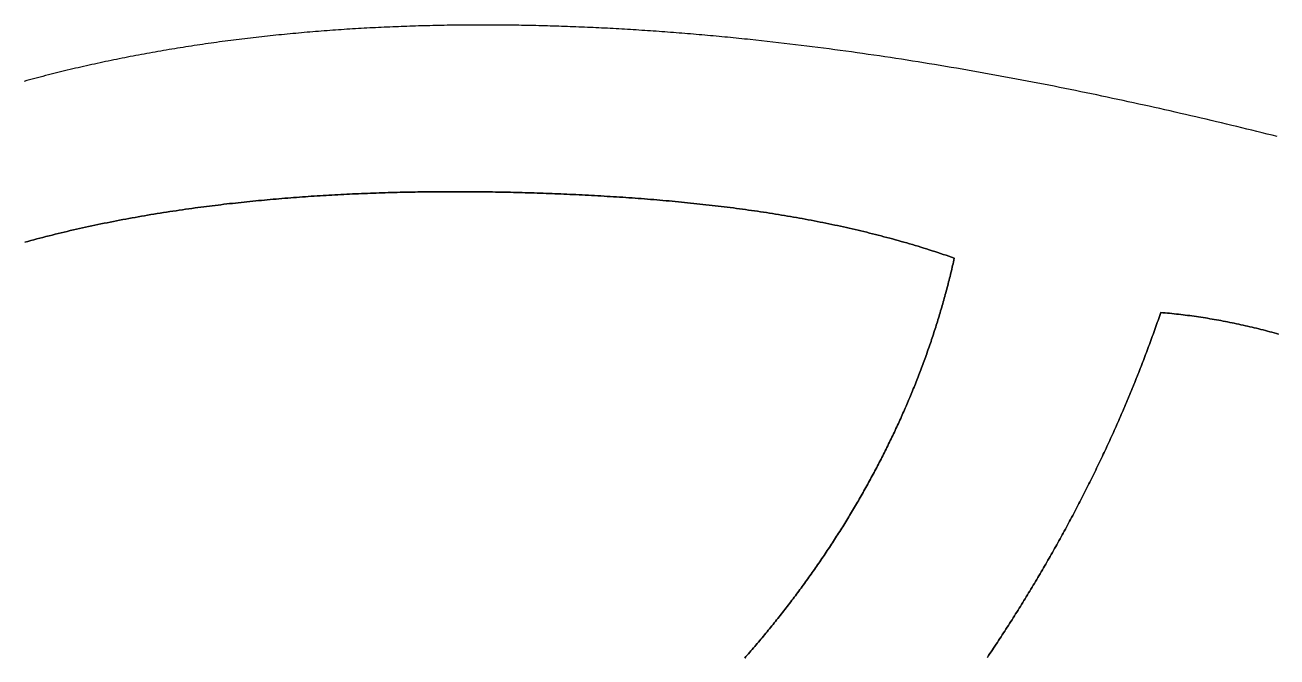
# Model space of a CAD drawing. Header units: millimetres. Extents: x 539514 to 908003, y -69769 to 203909.
# Drawn here: x 584527 to 618112, y 116543 to 133495 of the extents above; entities that cross this region are included whole.
import ezdxf

# ---------------------------------------------------------------- set-up
doc = ezdxf.new("R2010")
doc.units = ezdxf.units.MM
doc.layers.add('CLOSED_AREAS', color=7, linetype='Continuous')
doc.layers.add('REGION_HOLES', color=7, linetype='Continuous')

msp = doc.modelspace()

# ---------------------------------------------------------------- linework, layer by layer
at = {"layer": 'CLOSED_AREAS'}
for points in [[(618115.125, 130504.927), (617980.862, 130538.323), (617846.348, 130571.65), (617711.586, 130604.906), (617576.576, 130638.089), (617441.319, 130671.196), (617305.818, 130704.225), (617170.073, 130737.173), (617034.086, 130770.04), (616897.859, 130802.821), (616761.392, 130835.515), (616624.688, 130868.12), (616487.747, 130900.633), (616350.572, 130933.052), (616213.162, 130965.375), (616075.521, 130997.6), (615937.649, 131029.724), (615799.548, 131061.744), (615661.218, 131093.66), (615522.663, 131125.468), (615383.882, 131157.166), (615244.878, 131188.751), (615105.651, 131220.223), (614966.204, 131251.577), (614826.537, 131282.813), (614686.652, 131313.927), (614546.551, 131344.918), (614406.235, 131375.783), (614265.705, 131406.52), (614124.962, 131437.127), (613984.009, 131467.6), (613842.847, 131497.939), (613701.476, 131528.141), (613559.898, 131558.203), (613418.116, 131588.124), (613276.129, 131617.9), (613133.941, 131647.53), (612991.551, 131677.012), (612848.962, 131706.342), (612706.174, 131735.52), (612563.19, 131764.542), (612420.011, 131793.406), (612276.637, 131822.11), (612133.071, 131850.652), (611989.315, 131879.03), (611845.368, 131907.24), (611701.233, 131935.282), (611556.912, 131963.152), (611412.405, 131990.849), (611267.714, 132018.369), (611122.84, 132045.712), (610977.786, 132072.873), (610832.551, 132099.852), (610687.139, 132126.646), (610541.549, 132153.253), (610395.784, 132179.67), (610249.845, 132205.895), (610103.733, 132231.926), (609957.45, 132257.761), (609810.997, 132283.397), (609664.376, 132308.832), (609517.588, 132334.063), (609370.634, 132359.089), (609223.516, 132383.908), (609076.235, 132408.516), (608928.793, 132432.911), (608781.191, 132457.092), (608633.431, 132481.056), (608485.513, 132504.801), (608337.44, 132528.325), (608189.213, 132551.624), (608040.832, 132574.698), (607892.301, 132597.543), (607743.619, 132620.158), (607594.789, 132642.539), (607445.812, 132664.686), (607296.688, 132686.595), (607147.421, 132708.264), (606998.01, 132729.692), (606848.459, 132750.875), (606698.767, 132771.811), (606548.936, 132792.499), (606398.968, 132812.936), (606248.864, 132833.119), (606098.626, 132853.046), (605948.255, 132872.716), (605797.752, 132892.125), (605647.119, 132911.272), (605496.357, 132930.154), (605345.468, 132948.769), (605194.453, 132967.115), (605043.314, 132985.189), (604892.051, 133002.989), (604740.667, 133020.513), (604589.162, 133037.758), (604437.539, 133054.723), (604285.798, 133071.405), (604133.941, 133087.802), (603981.97, 133103.911), (603905.942, 133111.856), (603829.885, 133119.73), (603753.801, 133127.53), (603677.689, 133135.257), (603601.549, 133142.91), (603525.382, 133150.489), (603449.188, 133157.994), (603372.967, 133165.425), (603296.718, 133172.781), (603220.443, 133180.062), (603144.142, 133187.268), (603067.814, 133194.398), (602991.46, 133201.452), (602915.08, 133208.43), (602838.674, 133215.332), (602762.243, 133222.156), (602685.786, 133228.904), (602609.304, 133235.575), (602532.796, 133242.168), (602456.264, 133248.683), (602379.707, 133255.12), (602303.126, 133261.478), (602226.52, 133267.758), (602149.889, 133273.959), (602073.235, 133280.08), (601996.557, 133286.122), (601919.855, 133292.084), (601843.13, 133297.966), (601766.381, 133303.768), (601689.609, 133309.488), (601612.815, 133315.128), (601535.997, 133320.686), (601459.157, 133326.163), (601382.294, 133331.558), (601305.409, 133336.871), (601228.502, 133342.102), (601151.573, 133347.249), (601074.622, 133352.314), (600997.65, 133357.295), (600920.656, 133362.193), (600843.641, 133367.007), (600766.605, 133371.737), (600689.548, 133376.383), (600612.47, 133380.943), (600535.372, 133385.419), (600458.254, 133389.81), (600381.115, 133394.115), (600303.957, 133398.334), (600226.779, 133402.467), (600149.581, 133406.513), (600072.363, 133410.473), (599995.127, 133414.346), (599918.66, 133418.094), (599842.176, 133421.755), (599765.674, 133425.331), (599689.154, 133428.82), (599612.617, 133432.222), (599536.063, 133435.538), (599459.493, 133438.766), (599382.907, 133441.907), (599306.306, 133444.96), (599229.689, 133447.925), (599153.058, 133450.802), (599076.412, 133453.59), (598999.753, 133456.289), (598923.08, 133458.899), (598846.394, 133461.42), (598769.695, 133463.85), (598692.984, 133466.191), (598616.262, 133468.441), (598539.527, 133470.6), (598462.782, 133472.669), (598386.026, 133474.646), (598309.259, 133476.532), (598232.483, 133478.326), (598155.697, 133480.028), (598078.902, 133481.638), (598002.098, 133483.155), (597925.287, 133484.579), (597848.467, 133485.91), (597771.64, 133487.147), (597694.805, 133488.29), (597617.964, 133489.34), (597541.117, 133490.295), (597464.264, 133491.155), (597387.405, 133491.921), (597310.541, 133492.591), (597233.673, 133493.165), (597156.8, 133493.644), (597079.923, 133494.027), (597003.043, 133494.313), (596926.16, 133494.503), (596849.274, 133494.596), (596772.386, 133494.591), (596695.496, 133494.489), (596618.604, 133494.29), (596541.712, 133493.992), (596464.818, 133493.595), (596387.925, 133493.1), (596311.031, 133492.506), (596234.139, 133491.813), (596157.247, 133491.021), (596080.356, 133490.128), (596003.467, 133489.135), (595926.58, 133488.042), (595849.696, 133486.849), (595772.815, 133485.554), (595695.936, 133484.158), (595619.062, 133482.661), (595542.192, 133481.062), (595465.326, 133479.36), (595388.466, 133477.556), (595311.61, 133475.65), (595234.761, 133473.641), (595157.917, 133471.528), (595081.08, 133469.312), (595004.25, 133466.992), (594927.427, 133464.568), (594850.612, 133462.039), (594773.806, 133459.406), (594697.007, 133456.668), (594620.218, 133453.824), (594543.438, 133450.875), (594466.668, 133447.82), (594389.908, 133444.659), (594313.158, 133441.392), (594236.419, 133438.018), (594159.692, 133434.537), (594082.976, 133430.949), (594006.273, 133427.253), (593929.582, 133423.449), (593852.904, 133419.537), (593776.239, 133415.517), (593699.589, 133411.388), (593622.952, 133407.15), (593546.33, 133402.803), (593469.722, 133398.346), (593393.13, 133393.78), (593316.554, 133389.103), (593239.994, 133384.316), (593163.451, 133379.418), (593086.924, 133374.409), (593010.415, 133369.289), (592933.924, 133364.058), (592857.451, 133358.714), (592780.996, 133353.258), (592704.56, 133347.69), (592628.144, 133342.01), (592551.747, 133336.216), (592475.371, 133330.309), (592399.015, 133324.288), (592322.68, 133318.154), (592246.366, 133311.905), (592170.074, 133305.542), (592093.804, 133299.064), (592017.557, 133292.472), (591941.333, 133285.764), (591865.132, 133278.94), (591788.955, 133272.001), (591712.802, 133264.945), (591636.674, 133257.773), (591560.57, 133250.484), (591484.492, 133243.078), (591408.44, 133235.555), (591332.414, 133227.915), (591256.414, 133220.156), (591180.442, 133212.28), (591104.497, 133204.285), (591028.579, 133196.171), (590952.69, 133187.938), (590876.829, 133179.586), (590800.997, 133171.114), (590725.195, 133162.523), (590649.422, 133153.811), (590573.68, 133144.979), (590497.968, 133136.026), (590422.287, 133126.952), (590346.637, 133117.757), (590271.02, 133108.44), (590195.434, 133099.001), (590119.881, 133089.44), (590044.361, 133079.757), (589968.874, 133069.951), (589893.421, 133060.022), (589818.003, 133049.97), (589742.618, 133039.794), (589667.269, 133029.494), (589591.955, 133019.07), (589516.677, 133008.522), (589441.435, 132997.848), (589366.23, 132987.05), (589291.062, 132976.127), (589215.931, 132965.078), (589140.838, 132953.903), (589065.783, 132942.601), (588990.766, 132931.174), (588915.789, 132919.619), (588840.851, 132907.938), (588765.953, 132896.129), (588691.095, 132884.193), (588616.277, 132872.129), (588541.501, 132859.936), (588466.766, 132847.615), (588392.072, 132835.166), (588317.421, 132822.587), (588242.813, 132809.879), (588168.247, 132797.041), (588093.725, 132784.074), (588019.246, 132770.976), (587944.812, 132757.748), (587870.423, 132744.389), (587796.078, 132730.899), (587721.779, 132717.278), (587647.525, 132703.525), (587573.318, 132689.64), (587499.157, 132675.623), (587425.044, 132661.474), (587350.978, 132647.192), (587276.959, 132632.777), (587202.989, 132618.228), (587129.067, 132603.546), (587055.194, 132588.73), (586981.371, 132573.779), (586907.598, 132558.694), (586833.874, 132543.475), (586760.202, 132528.12), (586686.58, 132512.63), (586613.01, 132497.005), (586539.491, 132481.243), (586466.025, 132465.346), (586392.611, 132449.311), (586319.251, 132433.14), (586245.943, 132416.832), (586172.69, 132400.387), (586099.491, 132383.804), (586026.346, 132367.083), (585953.256, 132350.224), (585880.222, 132333.227), (585807.244, 132316.09), (585734.321, 132298.815), (585661.456, 132281.4), (585588.647, 132263.845), (585515.896, 132246.151), (585443.203, 132228.317), (585370.567, 132210.342), (585297.991, 132192.226), (585225.473, 132173.969), (585153.015, 132155.571), (585080.617, 132137.031), (585008.279, 132118.349), (584936.001, 132099.525), (584863.785, 132080.558), (584791.629, 132061.449), (584719.536, 132042.196), (584647.505, 132022.801), (584575.537, 132003.261), (584503.631, 131983.578)], [(603833.076, 116514.031), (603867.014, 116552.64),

EXERCISE: Working from the entries above, find every line in which the word "Continuous" occurs and copy it.

SOLUTION BELOW:
doc.layers.add('CLOSED_AREAS', color=7, linetype='Continuous')
doc.layers.add('REGION_HOLES', color=7, linetype='Continuous')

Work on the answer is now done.